Foi um jovem de 19 anos quem decidiu lembrar ao mundo que o futebol também pode ter consciência. Fê-lo erguendo a bandeira da Palestina e usando um keffiyeh, não para dividir, mas para chamar a atenção para um povo massacrado, há décadas sujeito a bombardeamentos, fome, deslocações forçadas, destruição, genocídio.

Erguer a bandeira da Palestina não é apenas erguer uma bandeira. É um gesto de humanidade. Não se pode negar que, perante uma das maiores tragédias humanitárias do nosso tempo, a neutralidade não é neutra e o silêncio é cúmplice.

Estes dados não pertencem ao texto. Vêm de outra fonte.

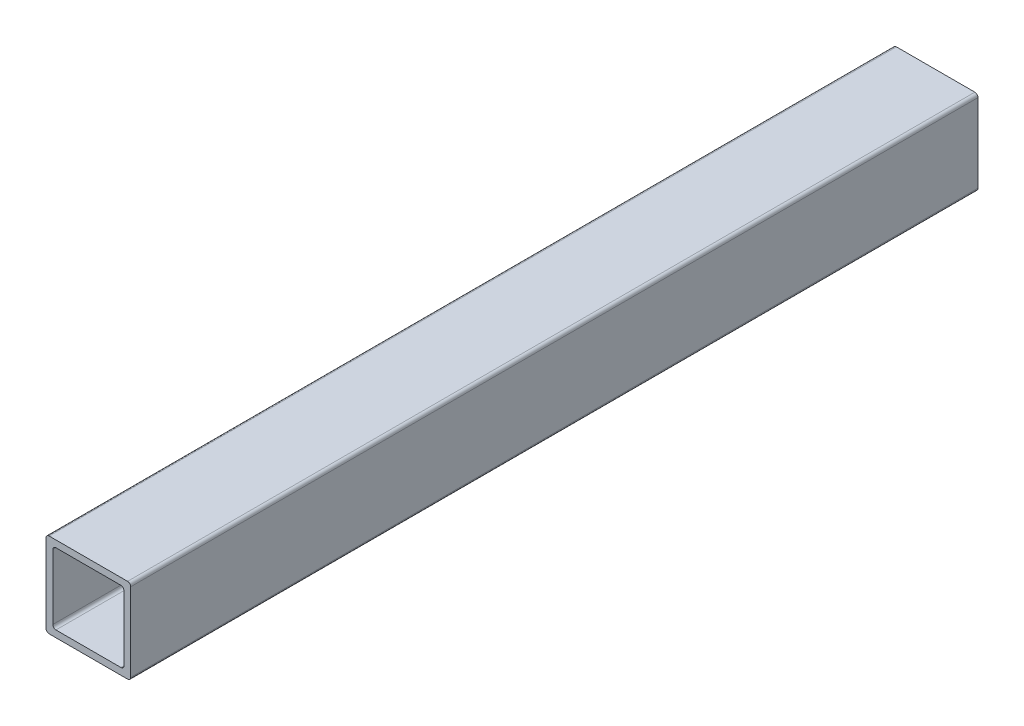
ISO-10303-21;
HEADER;
FILE_DESCRIPTION(('STEP AP214'),'2;1');
FILE_NAME('part.step','',(''),(''),'','','');
FILE_SCHEMA(('AUTOMOTIVE_DESIGN { 1 0 10303 214 1 1 1 1 }'));
ENDSEC;
DATA;
#1=APPLICATION_CONTEXT('core data for automotive mechanical design processes');
#2=APPLICATION_PROTOCOL_DEFINITION('international standard','automotive_design',2000,#1);
#3=PRODUCT_CONTEXT('',#1,'mechanical');
#4=PRODUCT('Part','Part','',(#3));
#5=PRODUCT_RELATED_PRODUCT_CATEGORY('part','',(#4));
#6=PRODUCT_DEFINITION_FORMATION('','',#4);
#7=PRODUCT_DEFINITION_CONTEXT('part definition',#1,'design');
#8=PRODUCT_DEFINITION('design','',#6,#7);
#9=PRODUCT_DEFINITION_SHAPE('','',#8);
#10=(LENGTH_UNIT() NAMED_UNIT(*) SI_UNIT(.MILLI.,.METRE.));
#11=(NAMED_UNIT(*) PLANE_ANGLE_UNIT() SI_UNIT($,.RADIAN.));
#12=(NAMED_UNIT(*) SI_UNIT($,.STERADIAN.) SOLID_ANGLE_UNIT());
#13=UNCERTAINTY_MEASURE_WITH_UNIT(LENGTH_MEASURE(1.E-05),#10,'distance_accuracy_value','');
#14=(GEOMETRIC_REPRESENTATION_CONTEXT(3) GLOBAL_UNCERTAINTY_ASSIGNED_CONTEXT((#13)) GLOBAL_UNIT_ASSIGNED_CONTEXT((#10,
#11,#12)) REPRESENTATION_CONTEXT('',''));
#15=CARTESIAN_POINT('',(0.,0.,0.));
#16=DIRECTION('',(0.,0.,1.));
#17=DIRECTION('',(1.,0.,0.));
#18=AXIS2_PLACEMENT_3D('',#15,#16,#17);
#19=CARTESIAN_POINT('',(23.153,23.153,500.));
#20=DIRECTION('',(0.,0.,-1.));
#21=DIRECTION('',(-1.,0.,0.));
#22=AXIS2_PLACEMENT_3D('',#19,#20,#21);
#23=PLANE('',#22);
#24=CARTESIAN_POINT('',(23.153,23.153,500.));
#25=DIRECTION('',(0.,0.,1.));
#26=DIRECTION('',(-1.,0.,0.));
#27=AXIS2_PLACEMENT_3D('',#24,#25,#26);
#28=CIRCLE('',#27,1.847);
#29=CARTESIAN_POINT('',(25.,23.153,500.));
#30=VERTEX_POINT('',#29);
#31=CARTESIAN_POINT('',(23.153,25.,500.));
#32=VERTEX_POINT('',#31);
#33=EDGE_CURVE('E195',#30,#32,#28,.T.);
#34=ORIENTED_EDGE('',*,*,#33,.T.);
#35=DIRECTION('',(-1.,0.,0.));
#36=VECTOR('',#35,1.);
#37=CARTESIAN_POINT('',(-23.153,25.,500.));
#38=LINE('',#37,#36);
#39=CARTESIAN_POINT('',(-23.153,25.,500.));
#40=VERTEX_POINT('',#39);
#41=EDGE_CURVE('E198',#32,#40,#38,.T.);
#42=ORIENTED_EDGE('',*,*,#41,.T.);
#43=CARTESIAN_POINT('',(-23.153,23.153,500.));
#44=DIRECTION('',(0.,0.,1.));
#45=DIRECTION('',(1.,0.,0.));
#46=AXIS2_PLACEMENT_3D('',#43,#44,#45);
#47=CIRCLE('',#46,1.847);
#48=CARTESIAN_POINT('',(-25.,23.153,500.));
#49=VERTEX_POINT('',#48);
#50=EDGE_CURVE('E201',#40,#49,#47,.T.);
#51=ORIENTED_EDGE('',*,*,#50,.T.);
#52=DIRECTION('',(0.,-1.,0.));
#53=VECTOR('',#52,1.);
#54=CARTESIAN_POINT('',(-25.,23.153,500.));
#55=LINE('',#54,#53);
#56=CARTESIAN_POINT('',(-25.,-23.153,500.));
#57=VERTEX_POINT('',#56);
#58=EDGE_CURVE('E203',#49,#57,#55,.T.);
#59=ORIENTED_EDGE('',*,*,#58,.T.);
#60=CARTESIAN_POINT('',(-23.153,-23.153,500.));
#61=DIRECTION('',(0.,0.,1.));
#62=DIRECTION('',(1.,0.,0.));
#63=AXIS2_PLACEMENT_3D('',#60,#61,#62);
#64=CIRCLE('',#63,1.847);
#65=CARTESIAN_POINT('',(-23.153,-25.,500.));
#66=VERTEX_POINT('',#65);
#67=EDGE_CURVE('E205',#57,#66,#64,.T.);
#68=ORIENTED_EDGE('',*,*,#67,.T.);
#69=DIRECTION('',(1.,0.,0.));
#70=VECTOR('',#69,1.);
#71=CARTESIAN_POINT('',(-23.153,-25.,500.));
#72=LINE('',#71,#70);
#73=CARTESIAN_POINT('',(23.153,-25.,500.));
#74=VERTEX_POINT('',#73);
#75=EDGE_CURVE('E207',#66,#74,#72,.T.);
#76=ORIENTED_EDGE('',*,*,#75,.T.);
#77=CARTESIAN_POINT('',(23.153,-23.153,500.));
#78=DIRECTION('',(0.,0.,1.));
#79=DIRECTION('',(1.,0.,0.));
#80=AXIS2_PLACEMENT_3D('',#77,#78,#79);
#81=CIRCLE('',#80,1.847);
#82=CARTESIAN_POINT('',(25.,-23.153,500.));
#83=VERTEX_POINT('',#82);
#84=EDGE_CURVE('E209',#74,#83,#81,.T.);
#85=ORIENTED_EDGE('',*,*,#84,.T.);
#86=DIRECTION('',(0.,1.,0.));
#87=VECTOR('',#86,1.);
#88=CARTESIAN_POINT('',(25.,23.153,500.));
#89=LINE('',#88,#87);
#90=EDGE_CURVE('E211',#83,#30,#89,.T.);
#91=ORIENTED_EDGE('',*,*,#90,.T.);
#92=EDGE_LOOP('',(#34,#42,#51,#59,#68,#76,#85,#91));
#93=FACE_BOUND('',#92,.T.);
#94=CARTESIAN_POINT('',(19.153,-19.153,500.));
#95=DIRECTION('',(0.,0.,1.));
#96=DIRECTION('',(1.,0.,0.));
#97=AXIS2_PLACEMENT_3D('',#94,#95,#96);
#98=CIRCLE('',#97,1.847);
#99=CARTESIAN_POINT('',(19.153,-21.,500.));
#100=VERTEX_POINT('',#99);
#101=CARTESIAN_POINT('',(21.,-19.153,500.));
#102=VERTEX_POINT('',#101);
#103=EDGE_CURVE('E130',#100,#102,#98,.T.);
#104=ORIENTED_EDGE('',*,*,#103,.F.);
#105=DIRECTION('',(1.,0.,0.));
#106=VECTOR('',#105,1.);
#107=CARTESIAN_POINT('',(-19.153,-21.,500.));
#108=LINE('',#107,#106);
#109=CARTESIAN_POINT('',(-19.153,-21.,500.));
#110=VERTEX_POINT('',#109);
#111=EDGE_CURVE('E163',#110,#100,#108,.T.);
#112=ORIENTED_EDGE('',*,*,#111,.F.);
#113=CARTESIAN_POINT('',(-19.153,-19.153,500.));
#114=DIRECTION('',(0.,0.,1.));
#115=DIRECTION('',(1.,0.,0.));
#116=AXIS2_PLACEMENT_3D('',#113,#114,#115);
#117=CIRCLE('',#116,1.847);
#118=CARTESIAN_POINT('',(-21.,-19.153,500.));
#119=VERTEX_POINT('',#118);
#120=EDGE_CURVE('E161',#119,#110,#117,.T.);
#121=ORIENTED_EDGE('',*,*,#120,.F.);
#122=DIRECTION('',(0.,-1.,0.));
#123=VECTOR('',#122,1.);
#124=CARTESIAN_POINT('',(-21.,19.153,500.));
#125=LINE('',#124,#123);
#126=CARTESIAN_POINT('',(-21.,19.153,500.));
#127=VERTEX_POINT('',#126);
#128=EDGE_CURVE('E159',#127,#119,#125,.T.);
#129=ORIENTED_EDGE('',*,*,#128,.F.);
#130=CARTESIAN_POINT('',(-19.153,19.153,500.));
#131=DIRECTION('',(0.,0.,1.));
#132=DIRECTION('',(1.,0.,0.));
#133=AXIS2_PLACEMENT_3D('',#130,#131,#132);
#134=CIRCLE('',#133,1.847);
#135=CARTESIAN_POINT('',(-19.153,21.,500.));
#136=VERTEX_POINT('',#135);
#137=EDGE_CURVE('E157',#136,#127,#134,.T.);
#138=ORIENTED_EDGE('',*,*,#137,.F.);
#139=DIRECTION('',(-1.,0.,0.));
#140=VECTOR('',#139,1.);
#141=CARTESIAN_POINT('',(-19.153,21.,500.));
#142=LINE('',#141,#140);
#143=CARTESIAN_POINT('',(19.153,21.,500.));
#144=VERTEX_POINT('',#143);
#145=EDGE_CURVE('E153',#144,#136,#142,.T.);
#146=ORIENTED_EDGE('',*,*,#145,.F.);
#147=CARTESIAN_POINT('',(19.153,19.153,500.));
#148=DIRECTION('',(0.,0.,1.));
#149=DIRECTION('',(-1.,0.,0.));
#150=AXIS2_PLACEMENT_3D('',#147,#148,#149);
#151=CIRCLE('',#150,1.847);
#152=CARTESIAN_POINT('',(21.,19.153,500.));
#153=VERTEX_POINT('',#152);
#154=EDGE_CURVE('E151',#153,#144,#151,.T.);
#155=ORIENTED_EDGE('',*,*,#154,.F.);
#156=DIRECTION('',(0.,1.,0.));
#157=VECTOR('',#156,1.);
#158=CARTESIAN_POINT('',(21.,19.153,500.));
#159=LINE('',#158,#157);
#160=EDGE_CURVE('E138',#102,#153,#159,.T.);
#161=ORIENTED_EDGE('',*,*,#160,.F.);
#162=EDGE_LOOP('',(#104,#112,#121,#129,#138,#146,#155,#161));
#163=FACE_BOUND('',#162,.T.);
#164=ADVANCED_FACE('F17',(#93,#163),#23,.F.);
#165=CARTESIAN_POINT('',(23.153,23.153,0.));
#166=DIRECTION('',(0.,0.,-1.));
#167=DIRECTION('',(-1.,0.,0.));
#168=AXIS2_PLACEMENT_3D('',#165,#166,#167);
#169=PLANE('',#168);
#170=CARTESIAN_POINT('',(23.153,23.153,0.));
#171=DIRECTION('',(0.,0.,1.));
#172=DIRECTION('',(-1.,0.,0.));
#173=AXIS2_PLACEMENT_3D('',#170,#171,#172);
#174=CIRCLE('',#173,1.847);
#175=CARTESIAN_POINT('',(25.,23.153,0.));
#176=VERTEX_POINT('',#175);
#177=CARTESIAN_POINT('',(23.153,25.,0.));
#178=VERTEX_POINT('',#177);
#179=EDGE_CURVE('E146',#176,#178,#174,.T.);
#180=ORIENTED_EDGE('',*,*,#179,.F.);
#181=DIRECTION('',(0.,1.,0.));
#182=VECTOR('',#181,1.);
#183=CARTESIAN_POINT('',(25.,23.153,0.));
#184=LINE('',#183,#182);
#185=CARTESIAN_POINT('',(25.,-23.153,0.));
#186=VERTEX_POINT('',#185);
#187=EDGE_CURVE('E199',#186,#176,#184,.T.);
#188=ORIENTED_EDGE('',*,*,#187,.F.);
#189=CARTESIAN_POINT('',(23.153,-23.153,0.));
#190=DIRECTION('',(0.,0.,1.));
#191=DIRECTION('',(1.,0.,0.));
#192=AXIS2_PLACEMENT_3D('',#189,#190,#191);
#193=CIRCLE('',#192,1.847);
#194=CARTESIAN_POINT('',(23.153,-25.,0.));
#195=VERTEX_POINT('',#194);
#196=EDGE_CURVE('E226',#195,#186,#193,.T.);
#197=ORIENTED_EDGE('',*,*,#196,.F.);
#198=DIRECTION('',(1.,0.,0.));
#199=VECTOR('',#198,1.);
#200=CARTESIAN_POINT('',(-23.153,-25.,0.));
#201=LINE('',#200,#199);
#202=CARTESIAN_POINT('',(-23.153,-25.,0.));
#203=VERTEX_POINT('',#202);
#204=EDGE_CURVE('E224',#203,#195,#201,.T.);
#205=ORIENTED_EDGE('',*,*,#204,.F.);
#206=CARTESIAN_POINT('',(-23.153,-23.153,0.));
#207=DIRECTION('',(0.,0.,1.));
#208=DIRECTION('',(1.,0.,0.));
#209=AXIS2_PLACEMENT_3D('',#206,#207,#208);
#210=CIRCLE('',#209,1.847);
#211=CARTESIAN_POINT('',(-25.,-23.153,0.));
#212=VERTEX_POINT('',#211);
#213=EDGE_CURVE('E222',#212,#203,#210,.T.);
#214=ORIENTED_EDGE('',*,*,#213,.F.);
#215=DIRECTION('',(0.,-1.,0.));
#216=VECTOR('',#215,1.);
#217=CARTESIAN_POINT('',(-25.,23.153,0.));
#218=LINE('',#217,#216);
#219=CARTESIAN_POINT('',(-25.,23.153,0.));
#220=VERTEX_POINT('',#219);
#221=EDGE_CURVE('E220',#220,#212,#218,.T.);
#222=ORIENTED_EDGE('',*,*,#221,.F.);
#223=CARTESIAN_POINT('',(-23.153,23.153,0.));
#224=DIRECTION('',(0.,0.,1.));
#225=DIRECTION('',(1.,0.,0.));
#226=AXIS2_PLACEMENT_3D('',#223,#224,#225);
#227=CIRCLE('',#226,1.847);
#228=CARTESIAN_POINT('',(-23.153,25.,0.));
#229=VERTEX_POINT('',#228);
#230=EDGE_CURVE('E218',#229,#220,#227,.T.);
#231=ORIENTED_EDGE('',*,*,#230,.F.);
#232=DIRECTION('',(-1.,0.,0.));
#233=VECTOR('',#232,1.);
#234=CARTESIAN_POINT('',(-23.153,25.,0.));
#235=LINE('',#234,#233);
#236=EDGE_CURVE('E216',#178,#229,#235,.T.);
#237=ORIENTED_EDGE('',*,*,#236,.F.);
#238=EDGE_LOOP('',(#180,#188,#197,#205,#214,#222,#231,#237));
#239=FACE_BOUND('',#238,.T.);
#240=DIRECTION('',(1.,0.,0.));
#241=VECTOR('',#240,1.);
#242=CARTESIAN_POINT('',(-19.153,-21.,0.));
#243=LINE('',#242,#241);
#244=CARTESIAN_POINT('',(-19.153,-21.,0.));
#245=VERTEX_POINT('',#244);
#246=CARTESIAN_POINT('',(19.153,-21.,0.));
#247=VERTEX_POINT('',#246);
#248=EDGE_CURVE('E139',#245,#247,#243,.T.);
#249=ORIENTED_EDGE('',*,*,#248,.T.);
#250=CARTESIAN_POINT('',(19.153,-19.153,0.));
#251=DIRECTION('',(0.,0.,1.));
#252=DIRECTION('',(1.,0.,0.));
#253=AXIS2_PLACEMENT_3D('',#250,#251,#252);
#254=CIRCLE('',#253,1.847);
#255=CARTESIAN_POINT('',(21.,-19.153,0.));
#256=VERTEX_POINT('',#255);
#257=EDGE_CURVE('E40',#247,#256,#254,.T.);
#258=ORIENTED_EDGE('',*,*,#257,.T.);
#259=DIRECTION('',(0.,1.,0.));
#260=VECTOR('',#259,1.);
#261=CARTESIAN_POINT('',(21.,19.153,0.));
#262=LINE('',#261,#260);
#263=CARTESIAN_POINT('',(21.,19.153,0.));
#264=VERTEX_POINT('',#263);
#265=EDGE_CURVE('E145',#256,#264,#262,.T.);
#266=ORIENTED_EDGE('',*,*,#265,.T.);
#267=CARTESIAN_POINT('',(19.153,19.153,0.));
#268=DIRECTION('',(0.,0.,1.));
#269=DIRECTION('',(-1.,0.,0.));
#270=AXIS2_PLACEMENT_3D('',#267,#268,#269);
#271=CIRCLE('',#270,1.847);
#272=CARTESIAN_POINT('',(19.153,21.,0.));
#273=VERTEX_POINT('',#272);
#274=EDGE_CURVE('E167',#264,#273,#271,.T.);
#275=ORIENTED_EDGE('',*,*,#274,.T.);
#276=DIRECTION('',(-1.,0.,0.));
#277=VECTOR('',#276,1.);
#278=CARTESIAN_POINT('',(-19.153,21.,0.));
#279=LINE('',#278,#277);
#280=CARTESIAN_POINT('',(-19.153,21.,0.));
#281=VERTEX_POINT('',#280);
#282=EDGE_CURVE('E170',#273,#281,#279,.T.);
#283=ORIENTED_EDGE('',*,*,#282,.T.);
#284=CARTESIAN_POINT('',(-19.153,19.153,0.));
#285=DIRECTION('',(0.,0.,1.));
#286=DIRECTION('',(1.,0.,0.));
#287=AXIS2_PLACEMENT_3D('',#284,#285,#286);
#288=CIRCLE('',#287,1.847);
#289=CARTESIAN_POINT('',(-21.,19.153,0.));
#290=VERTEX_POINT('',#289);
#291=EDGE_CURVE('E173',#281,#290,#288,.T.);
#292=ORIENTED_EDGE('',*,*,#291,.T.);
#293=DIRECTION('',(0.,-1.,0.));
#294=VECTOR('',#293,1.);
#295=CARTESIAN_POINT('',(-21.,19.153,0.));
#296=LINE('',#295,#294);
#297=CARTESIAN_POINT('',(-21.,-19.153,0.));
#298=VERTEX_POINT('',#297);
#299=EDGE_CURVE('E176',#290,#298,#296,.T.);
#300=ORIENTED_EDGE('',*,*,#299,.T.);
#301=CARTESIAN_POINT('',(-19.153,-19.153,0.));
#302=DIRECTION('',(0.,0.,1.));
#303=DIRECTION('',(1.,0.,0.));
#304=AXIS2_PLACEMENT_3D('',#301,#302,#303);
#305=CIRCLE('',#304,1.847);
#306=EDGE_CURVE('E179',#298,#245,#305,.T.);
#307=ORIENTED_EDGE('',*,*,#306,.T.);
#308=EDGE_LOOP('',(#249,#258,#266,#275,#283,#292,#300,#307));
#309=FACE_BOUND('',#308,.T.);
#310=ADVANCED_FACE('F256',(#239,#309),#169,.T.);
#311=CARTESIAN_POINT('',(23.153,23.153,500.));
#312=DIRECTION('',(0.,0.,-1.));
#313=DIRECTION('',(-1.,0.,0.));
#314=AXIS2_PLACEMENT_3D('',#311,#312,#313);
#315=CYLINDRICAL_SURFACE('',#314,1.847);
#316=ORIENTED_EDGE('',*,*,#179,.T.);
#317=DIRECTION('',(0.,0.,-1.));
#318=VECTOR('',#317,1.);
#319=CARTESIAN_POINT('',(23.153,25.,500.));
#320=LINE('',#319,#318);
#321=EDGE_CURVE('E11',#32,#178,#320,.T.);
#322=ORIENTED_EDGE('',*,*,#321,.F.);
#323=ORIENTED_EDGE('',*,*,#33,.F.);
#324=DIRECTION('',(0.,0.,-1.));
#325=VECTOR('',#324,1.);
#326=CARTESIAN_POINT('',(25.,23.153,500.));
#327=LINE('',#326,#325);
#328=EDGE_CURVE('E213',#30,#176,#327,.T.);
#329=ORIENTED_EDGE('',*,*,#328,.T.);
#330=EDGE_LOOP('',(#316,#322,#323,#329));
#331=FACE_BOUND('',#330,.T.);
#332=ADVANCED_FACE('F19',(#331),#315,.T.);
#333=CARTESIAN_POINT('',(-23.153,25.,500.));
#334=DIRECTION('',(0.,-1.,0.));
#335=DIRECTION('',(0.,0.,-1.));
#336=AXIS2_PLACEMENT_3D('',#333,#334,#335);
#337=PLANE('',#336);
#338=ORIENTED_EDGE('',*,*,#236,.T.);
#339=DIRECTION('',(0.,0.,-1.));
#340=VECTOR('',#339,1.);
#341=CARTESIAN_POINT('',(-23.153,25.,500.));
#342=LINE('',#341,#340);
#343=EDGE_CURVE('E25',#40,#229,#342,.T.);
#344=ORIENTED_EDGE('',*,*,#343,.F.);
#345=ORIENTED_EDGE('',*,*,#41,.F.);
#346=ORIENTED_EDGE('',*,*,#321,.T.);
#347=EDGE_LOOP('',(#338,#344,#345,#346));
#348=FACE_BOUND('',#347,.T.);
#349=ADVANCED_FACE('F273',(#348),#337,.F.);
#350=CARTESIAN_POINT('',(-23.153,23.153,500.));
#351=DIRECTION('',(0.,0.,-1.));
#352=DIRECTION('',(-1.,0.,0.));
#353=AXIS2_PLACEMENT_3D('',#350,#351,#352);
#354=CYLINDRICAL_SURFACE('',#353,1.847);
#355=ORIENTED_EDGE('',*,*,#230,.T.);
#356=DIRECTION('',(0.,0.,-1.));
#357=VECTOR('',#356,1.);
#358=CARTESIAN_POINT('',(-25.,23.153,500.));
#359=LINE('',#358,#357);
#360=EDGE_CURVE('E243',#49,#220,#359,.T.);
#361=ORIENTED_EDGE('',*,*,#360,.F.);
#362=ORIENTED_EDGE('',*,*,#50,.F.);
#363=ORIENTED_EDGE('',*,*,#343,.T.);
#364=EDGE_LOOP('',(#355,#361,#362,#363));
#365=FACE_BOUND('',#364,.T.);
#366=ADVANCED_FACE('F250',(#365),#354,.T.);
#367=CARTESIAN_POINT('',(-25.,23.153,500.));
#368=DIRECTION('',(1.,0.,0.));
#369=DIRECTION('',(0.,0.,-1.));
#370=AXIS2_PLACEMENT_3D('',#367,#368,#369);
#371=PLANE('',#370);
#372=ORIENTED_EDGE('',*,*,#221,.T.);
#373=DIRECTION('',(0.,0.,-1.));
#374=VECTOR('',#373,1.);
#375=CARTESIAN_POINT('',(-25.,-23.153,500.));
#376=LINE('',#375,#374);
#377=EDGE_CURVE('E240',#57,#212,#376,.T.);
#378=ORIENTED_EDGE('',*,*,#377,.F.);
#379=ORIENTED_EDGE('',*,*,#58,.F.);
#380=ORIENTED_EDGE('',*,*,#360,.T.);
#381=EDGE_LOOP('',(#372,#378,#379,#380));
#382=FACE_BOUND('',#381,.T.);
#383=ADVANCED_FACE('F262',(#382),#371,.F.);
#384=CARTESIAN_POINT('',(-23.153,-23.153,500.));
#385=DIRECTION('',(0.,0.,-1.));
#386=DIRECTION('',(-1.,0.,0.));
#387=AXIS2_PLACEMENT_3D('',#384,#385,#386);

O futebol nunca andou longe da política ao contrário do que alguns dizem. Os campeonatos do mundo servem para projetar países, líderes, marcas e interesses. Às vezes também servem para lembrar que ainda existem jogadores dispostos a usar a visibilidade para algo mais do que vender botas ou bebidas energéticas.

Lamine Yamal fê-lo. Cristiano Ronaldo não. Yamal celebrou com a bandeira da Palestina no mesmo espaço onde se encontrava Donald Trump, um dos mais firmes aliados da política israelita. Há pouco tempo, Cristiano Ronaldo confessou a sua grande admiração pelo Presidente dos EUA. Há um abismo entre eles.